So, as you might have guessed before, I am the composer of the Piano Piece in C minor. In retrospect I think I stuck to my initial structural idea too rigidly, particularly in the second half. It should be understood that I am very attached to the type of sonata form which uses two repeats. However, I thought it best to avoid repeats in a competition, but I still tried to get across some of the main features that I like of this form.

An analysis of my piece

The crucial structural device is the incomplete scale ending on the leading tone at about 0:30. This leads me into B major, and only via a sequence going up by whole tones do I get to E flat for the traditional second subject of sonata form. At the end of this the music runs out of steam, with the over-repetition of the 2nd theme at about 1:45-50 and its final fragmentation. This fragmentation makes a thematic connection with the opening theme. This next section should be understood to be both a development and an exposition at the same time - it is a summarised repeat of the ideas of the exposition proper, while at the same time having greater harmonic tension. This comes from my beloved repeats. The section rests after the previous energetic closing material, before gaining more momentum with the broken scale motif again, this time, however, using the top note as fifth so that each time the key rises by a major third (two whole tones). This ends in the broken scale motif, this time covering a whole octave, however, because it only uses whole tones. The 2nd tune is linked with the interval of whole tones, and this whole-tone scale is the point of maximum 'victory' for the interval of a tone. The following section (from about 2:35) is the devlopment proper, and has a new theme. Each phrase (two bars) is in a new key, displaced from the previous one by either 1 or 2 whole tones. At about 3:00, however this breaks down and a sequence rising by semitones makes the bass rest on G as dominant of C. The following chromatic rising harmony destroys the dominance of whole tones perceived before. At 3:20 comes the recap proper with the main theme in a new version.
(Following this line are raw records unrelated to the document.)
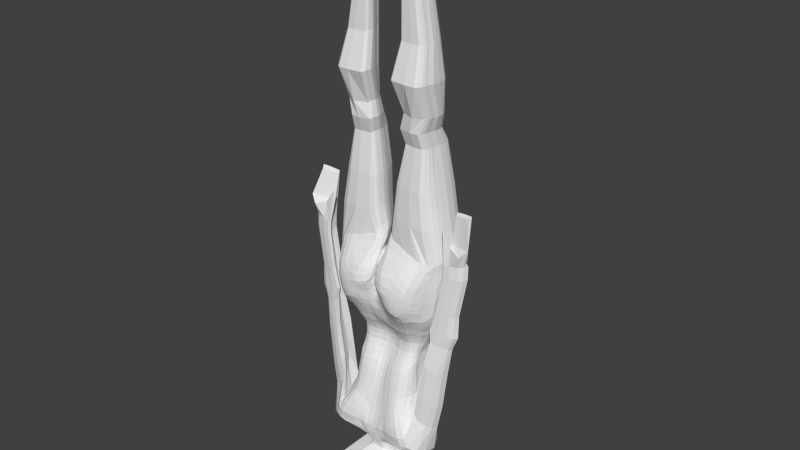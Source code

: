 # Source: FemaleBase001-redo.blend  (saved by Blender 2.76.0; exported with 4.5.12 LTS)
import bpy
from mathutils import Matrix  # noqa: F401  (used for matrix-valued properties, if any)

bpy.ops.wm.read_factory_settings(use_empty=True)
scene = bpy.context.scene
scene.name = 'Scene'

# ---- collections
col_collection_1 = bpy.data.collections.new('Collection 1'); scene.collection.children.link(col_collection_1)
col_collection_10 = bpy.data.collections.new('Collection 10'); scene.collection.children.link(col_collection_10)

# ---- world
world_world = bpy.data.worlds.new('World'); scene.world = world_world
world_world.color = (0.05088, 0.05088, 0.05088)
world_world.use_sun_shadow = False
world_world.sun_shadow_jitter_overblur = 0.0
world_world.cycles.sampling_method = 'MANUAL'
world_world.cycles.sample_map_resolution = 256

# ---- meshes
me_cube_002 = bpy.data.meshes.new('Cube.002')
me_cube_002.from_pydata([(0.1184, 1.472, -0.00979), (0.08768, 1.47, -0.01025), (0.02205, 3.256, -0.7905), (-0.1267, 1.473, -0.009768), (9.15e-06, 3.293, -0.537), (0.02202, 3.257, -0.7888), (-0.096, 1.47, -0.01023), (-1.063e-05, 4.062, -0.7192), (-1.063e-05, 3.724, -1.057), (-0.1695, 3.386, -0.8882), (-1.063e-05, 3.724, -0.3811), (-0.3385, 3.724, -0.7192), (-0.3385, 3.724, -1.057), (-0.3385, 3.386, -0.7192), (-0.3385, 3.724, -0.3811), (-0.3385, 4.062, -0.7192), (-1.063e-05, 3.386, -0.3811), (-0.1695, 3.386, -0.5501), (-1.063e-05, 4.062, -0.3811), (-0.3385, 3.386, -0.5501), (-0.1695, 3.386, -1.057), (-0.1695, 3.386, -0.3811), (-1.063e-05, 3.386, -1.057), (-1.063e-05, 4.062, -1.057), (-0.3385, 3.386, -0.8882), (-0.1695, 3.386, -0.7192), (-1.063e-05, 3.386, -0.8882), (-1.063e-05, 3.386, -0.5501), (-0.3385, 3.386, -0.3811), (-0.3385, 4.062, -0.3811), (-0.3385, 3.386, -1.057), (-0.3385, 4.062, -1.057), (-0.1271, 3.386, -0.5501), (-0.2256, 2.076, -0.08792), (-0.5267, 2.959, -0.3782), (-0.3283, 2.146, -0.6707), (-0.5521, 2.975, -0.8988), (-0.328, 2.558, -0.8042), (-0.3961, 2.527, -0.0376), (-0.649, 3.076, -0.4495), (-0.382, 1.991, -0.4623), (-0.4774, 2.574, -0.4441), (-0.1141, 0.9296, -0.2255), (-0.4023, 1.597, -0.07682), (-0.05245, 0.9389, -0.868), (-0.4005, 1.572, -0.6352), (-0.4815, 1.27, -0.7942), (-0.4909, 1.301, -0.1047), (-0.4493, 1.643, -0.1368), (-0.02297, 0.6846, -0.721), (-0.6015, 1.294, -0.2481), (-0.2571, 3.173, -0.6147), (-0.1952, 3.141, -0.551), (-0.1811, 3.148, -0.7729), (-0.128, 3.176, -0.544), (-0.1835, 3.205, -0.6123), (-0.1169, 3.18, -0.7781), (-0.1113, 0.7088, -0.4635), (-0.2448, 1.133, -0.916), (-0.166, 2.638, -0.8244), (-0.1768, 2.993, -0.8811), (-0.103, 2.144, -0.6704), (-0.1229, 1.273, -0.8017), (-0.1034, 1.593, -0.6524), (-0.08775, 3.138, -0.8375), (-0.07601, 3.173, -0.81), (-0.1206, 1.125, -0.8474), (-0.4223, 1.53, -0.08105), (-0.4199, 1.504, -0.6675), (-0.4837, 1.563, -0.1644), (-0.1098, 1.52, -0.6883), (-0.3559, 1.834, -0.5444), (-0.411, 1.83, -0.314), (-0.3059, 1.854, -0.08962), (-0.08751, 1.83, -0.5471), (-0.3157, 0.2673, -0.1449), (-0.623, 0.6437, -0.6331), (-0.6722, 0.5987, -0.1213), (-0.7383, 0.5857, -0.4355), (-0.1154, 0.4529, -0.6363), (-0.1506, 0.4314, -0.3127), (-0.07286, 0.3532, -0.5503), (-0.1308, 0.5998, -0.388), (-0.04041, 0.5267, -0.6155), (-0.3624, 0.5336, -0.6719), (-0.5403, 0.9743, -0.8023), (-0.2981, 0.7944, -0.872), (-0.1599, 0.8047, -0.8858), (-0.0637, 1.419, -0.005326), (-0.4432, 2.733, -0.1845), (-0.2519, 2.539, -0.05035), (-0.6912, 3.068, -0.722), (-0.1315, 2.059, -0.04949), (-0.1064, 2.695, -0.8223), (-0.382, 2.986, -0.9178), (-0.3276, 2.354, -0.7324), (-0.4541, 2.766, -0.8879), (-0.6207, 3.048, -0.414), (-0.3782, 2.063, -0.5856), (-0.3018, 2.994, -0.3998), (-0.4276, 2.545, -0.6865), (-0.3054, 2.293, -0.09819), (-0.06648, 2.162, -0.6645), (-0.3663, 2.035, -0.2334), (-0.4877, 2.516, -0.1724), (-0.3248, 1.989, -0.5936), (-0.3985, 2.303, -0.4854), (-0.4128, 1.564, -0.07775), (-0.267, 1.214, -0.03428), (-0.4995, 1.649, -0.4103), (-0.08169, 0.848, -0.2344), (-0.06884, 1.276, -0.785), (-0.2747, 1.601, -0.6718), (-0.1129, 2.998, -0.8841), (-0.4617, 1.393, -0.7275), (-0.4347, 1.623, -0.1019), (-0.2211, 1.617, -0.03155), (-0.6227, 1.313, -0.5271), (-0.3363, 1.116, -0.1044), (-0.02505, 0.9108, -0.805), (-0.3893, 1.91, -0.3859), (-0.2509, 2.592, -0.8311), (-0.5716, 1.303, -0.1674), (-0.2593, 1.965, -0.09748), (-0.04597, 0.804, -0.8313), (-0.5498, 1.431, -0.2124), (-0.04928, 0.6528, -0.604), (-0.2267, 3.169, -0.5774), (-0.07278, 3.136, -0.8494), (-0.5166, 3.151, -0.5143), (-0.05939, 3.067, -0.8792), (-0.1281, 3.136, -0.5322), (-0.3959, 3.059, -0.4791), (-0.221, 3.183, -0.6969), (-0.3989, 3.056, -0.8785), (-0.1583, 3.155, -0.5525), (-0.1569, 3.278, -0.6249), (-0.1087, 3.262, -0.7644), (-0.122, 3.266, -0.5612), (-0.2134, 3.183, -0.6151), (-0.1456, 3.16, -0.7722), (-0.09744, 3.178, -0.7956), (-0.098, 3.17, -0.5268), (-0.1702, 3.211, -0.6986), (-0.1642, 3.199, -0.5705), (-0.1125, 0.8073, -0.3324), (-0.05786, 0.6644, -0.5244), (-0.01992, 0.7389, -0.7282), (-0.3615, 1.198, -0.9054), (-0.05706, 1.095, -0.8133), (-0.2236, 2.137, -0.6956), (-0.3281, 1.287, -0.859), (-0.05613, 1.605, -0.6397), (-0.1344, 3.147, -0.8072), (-0.07, 3.172, -0.8154), (-0.1848, 1.133, -0.8914), (-0.1199, 1.208, -0.8214), (-0.08061, 3.155, -0.823), (-0.07938, 3.261, -0.7829), (-0.1156, 1.4, -0.7469), (-0.1326, 3.063, -0.862), (-0.1689, 2.819, -0.8831), (-0.1336, 2.389, -0.7571), (-0.1039, 1.986, -0.5847), (-0.4581, 1.416, -0.0904), (-0.4097, 1.538, -0.651), (-0.4673, 1.603, -0.1501), (-0.1075, 1.556, -0.671), (-0.05977, 1.523, -0.6947), (-0.5238, 1.577, -0.4407), (-0.2291, 1.524, -0.01877), (-0.465, 1.55, -0.1147), (-0.2842, 1.53, -0.7044), (-0.3618, 1.698, -0.5786), (-0.4349, 1.738, -0.2261), (-0.3555, 1.726, -0.08108), (-0.09096, 1.709, -0.576), (-0.2543, 1.836, -0.577), (-0.1771, 1.859, -0.05113), (-0.3872, 1.853, -0.1801), (-0.4163, 1.839, -0.4453), (-0.05292, 1.834, -0.5435), (-0.7102, 0.6195, -0.5377), (-0.5074, 0.3625, -0.05942), (-0.7586, 0.5895, -0.2472), (-0.7147, 0.9442, -0.3349), (-0.5829, 0.9493, -0.1095), (-0.1994, 0.6099, -0.263), (-0.5154, 1.134, -0.8154), (-0.1305, 0.6672, -0.4346), (-0.05094, 0.4495, -0.5815), (-0.08117, 0.4037, -0.604), (-0.07489, 0.3918, -0.4341), (-0.1385, 0.5153, -0.3502), (-0.03875, 0.6245, -0.6776), (-0.04714, 0.5506, -0.5159), (-0.2376, 0.4925, -0.6613), (-0.2228, 0.3092, -0.2069), (-0.5082, 0.5828, -0.6809), (-0.1932, 0.9747, -0.9324), (-0.5822, 0.8128, -0.7262), (-0.3218, 0.6493, -0.766), (-0.432, 0.8805, -0.8876), (-0.1255, 0.6436, -0.7609), (-0.1184, 1.472, -0.00979), (-0.4718, 0.7215, -0.7883), (-0.05504, 0.6119, -0.5552), (-0.0567, 0.4755, -0.4745), (-0.4062, 0.7714, -0.1216), (-0.6883, 0.9464, -0.1901), (-0.06641, 1.994, -0.5781), (-0.384, 1.95, -0.5071), (-0.3672, 1.946, -0.211), (-0.1511, 1.958, -0.05424), (-0.2334, 1.984, -0.6159), (-0.2792, 1.565, -0.6883), (-0.4505, 1.587, -0.1074), (-0.2253, 1.57, -0.02371), (-0.5117, 1.613, -0.4261), (-0.05918, 1.56, -0.6709), (-0.2575, 1.715, -0.6038), (-0.08492, 2.425, -0.7542), (-0.1084, 2.849, -0.8781), (-0.2671, 3.06, -0.8853), (-0.06088, 1.404, -0.7504), (-0.09551, 3.262, -0.7754), (-0.1137, 3.161, -0.799), (-0.2549, 1.218, -0.8948), (-0.0733, 0.7135, -0.3773), (-0.191, 3.18, -0.5776), (-0.1919, 3.193, -0.6964), (-0.1118, 3.15, -0.5323), (-0.0707, 3.154, -0.8331), (-0.0738, 3.259, -0.7856), (-0.09948, 3.262, -0.5418), (-0.1496, 3.275, -0.6979), (-0.1473, 3.276, -0.5916), (-0.5295, 3.146, -0.7315), (-0.2253, 3.058, -0.4895), (-0.4717, 3.119, -0.4949), (-0.01451, 0.8171, -0.7789), (-0.5819, 1.45, -0.4823), (-0.1736, 1.016, -0.1052), (-0.2528, 1.367, -0.01208), (-0.2003, 1.738, -0.04239), (-0.5226, 1.427, -0.1423), (-0.31, 1.414, -0.7733), (-0.02932, 0.6692, -0.6311), (-0.05873, 1.189, -0.7986), (-0.4121, 1.738, -0.1395), (-0.3959, 2.316, -0.6211), (-0.1942, 2.295, -0.06376), (-0.2676, 2.771, -0.2109), (-0.4534, 1.739, -0.4216), (-0.0925, 3.065, -0.8703), (-0.3205, 2.79, -0.9121), (-0.4155, 2.276, -0.2224), (-0.238, 2.364, -0.7644), (-0.05198, 1.711, -0.5721), (-0.4816, 2.847, -0.2789), (-0.331, 2.534, -0.02834), (-0.7127, 3.086, -0.5817), (-0.1805, 2.067, -0.06103), (-0.06688, 2.708, -0.8178), (-0.4735, 2.981, -0.9231), (-0.3276, 2.25, -0.7016), (-0.3881, 2.661, -0.8453), (-0.5959, 3.025, -0.4018), (-0.3611, 2.103, -0.6322), (-0.1747, 2.992, -0.4187), (-0.3858, 2.546, -0.7556), (-0.3626, 2.409, -0.03989), (-0.05192, 2.181, -0.6608), (-0.3888, 2.015, -0.3429), (-0.5014, 2.545, -0.2989), (-0.3272, 2.068, -0.6323), (-0.3818, 2.146, -0.4788), (-0.4077, 1.58, -0.07686), (-0.3838, 1.256, -0.05274), (-0.4963, 1.655, -0.2776), (-0.1134, 0.8915, -0.2288), (-0.04872, 1.276, -0.7776), (-0.342, 1.593, -0.664), (-0.1449, 2.995, -0.8819), (-0.4783, 1.335, -0.765), (-0.4209, 1.611, -0.0868), (-0.1162, 1.622, -0.03368), (-0.5646, 1.294, -0.666), (-0.4198, 1.208, -0.08352), (-0.02083, 0.898, -0.755), (-0.382, 1.95, -0.4226), (-0.2083, 2.614, -0.8316), (-0.5947, 1.301, -0.2056), (-0.2391, 2.02, -0.09672), (-0.05378, 0.8727, -0.8613), (-0.5794, 1.363, -0.2324), (-0.02477, 0.6564, -0.6687), (-0.2411, 3.175, -0.594), (-0.0667, 3.135, -0.8547), (-0.398, 3.161, -0.5629), (-0.06082, 3.102, -0.8687), (-0.1612, 3.138, -0.5423), (-0.3007, 3.089, -0.52), (-0.2014, 3.17, -0.7368), (-0.2971, 3.101, -0.8293), (-0.176, 3.147, -0.5533), (-0.1541, 3.314, -0.6285), (-0.1105, 3.3, -0.7619), (-0.1234, 3.225, -0.5521), (-0.1962, 3.191, -0.6144), (-0.13, 3.169, -0.7738), (-0.1075, 3.179, -0.7874), (-0.08247, 3.165, -0.5199), (-0.1844, 3.213, -0.6568), (-0.1477, 3.189, -0.5553), (-0.1149, 0.756, -0.3963), (-0.08482, 0.6843, -0.4927), (-0.0194, 0.7086, -0.7288), (-0.2964, 1.163, -0.9189), (-0.03619, 1.077, -0.7938), (-0.1628, 2.138, -0.6894), (-0.2262, 1.284, -0.8428), (-0.07715, 1.595, -0.649), (-0.111, 3.143, -0.8223), (-0.07283, 3.173, -0.8127), (-0.1531, 1.13, -0.8705), (-0.119, 1.174, -0.8295), (-0.07772, 3.163, -0.8154), (-0.0841, 3.297, -0.7759), (-0.1185, 1.338, -0.7736), (-0.1098, 3.102, -0.849), (-0.1663, 2.728, -0.858), (-0.1166, 2.264, -0.7199), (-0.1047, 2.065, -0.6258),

Here I will stop because from here on in in retrospect I would have changed it. I think I failed to appreciate the importance of the _order_ of the themes in a work of this scale and also, repeating things in full more than once in the tonic for the recap. In this sense I failed to imitate the form I wanted to. At the end however, 5:50, there is the descending chromatic scale type thing which I would probably retain because it was supposed to represent the final triumph of semi-tones. Also some of the battle between C major and minor would have been retained, though somewhat more concise.


----------



## emiellucifuge

Hi Ramako; just my friendly opinion on the above:

Obviously you had some ambitious plans for your piece, and its quite intresting to read your analysis - it sheds some light on your piece. However, I think you may have been TOO ambitious, because simply not enough of this translates into the sounds we hear as listeners. For example, 'the triumph of the semitones' at the end; I just dont hear it that way. Indeed, Im not sure how I could possibly come to understand that as the idea behind the work unless you make it absolutely clear in some Ivesian way. The problem then is that you are also trying to have a conflict between C major and minor.


----------



## Ramako

emiellucifuge said:


> Hi Ramako; just my friendly opinion on the above:
> 
> Obviously you had some ambitious plans for your piece, and its quite intresting to read your analysis - it sheds some light on your piece. However, I think you may have been TOO ambitious, because simply not enough of this translates into the sounds we hear as listeners. For example, 'the triumph of the semitones' at the end; I just dont hear it that way. Indeed, Im not sure how I could possibly come to understand that as the idea behind the work unless you make it absolutely clear in some Ivesian way. The problem then is that you are also trying to have a conflict between C major and minor.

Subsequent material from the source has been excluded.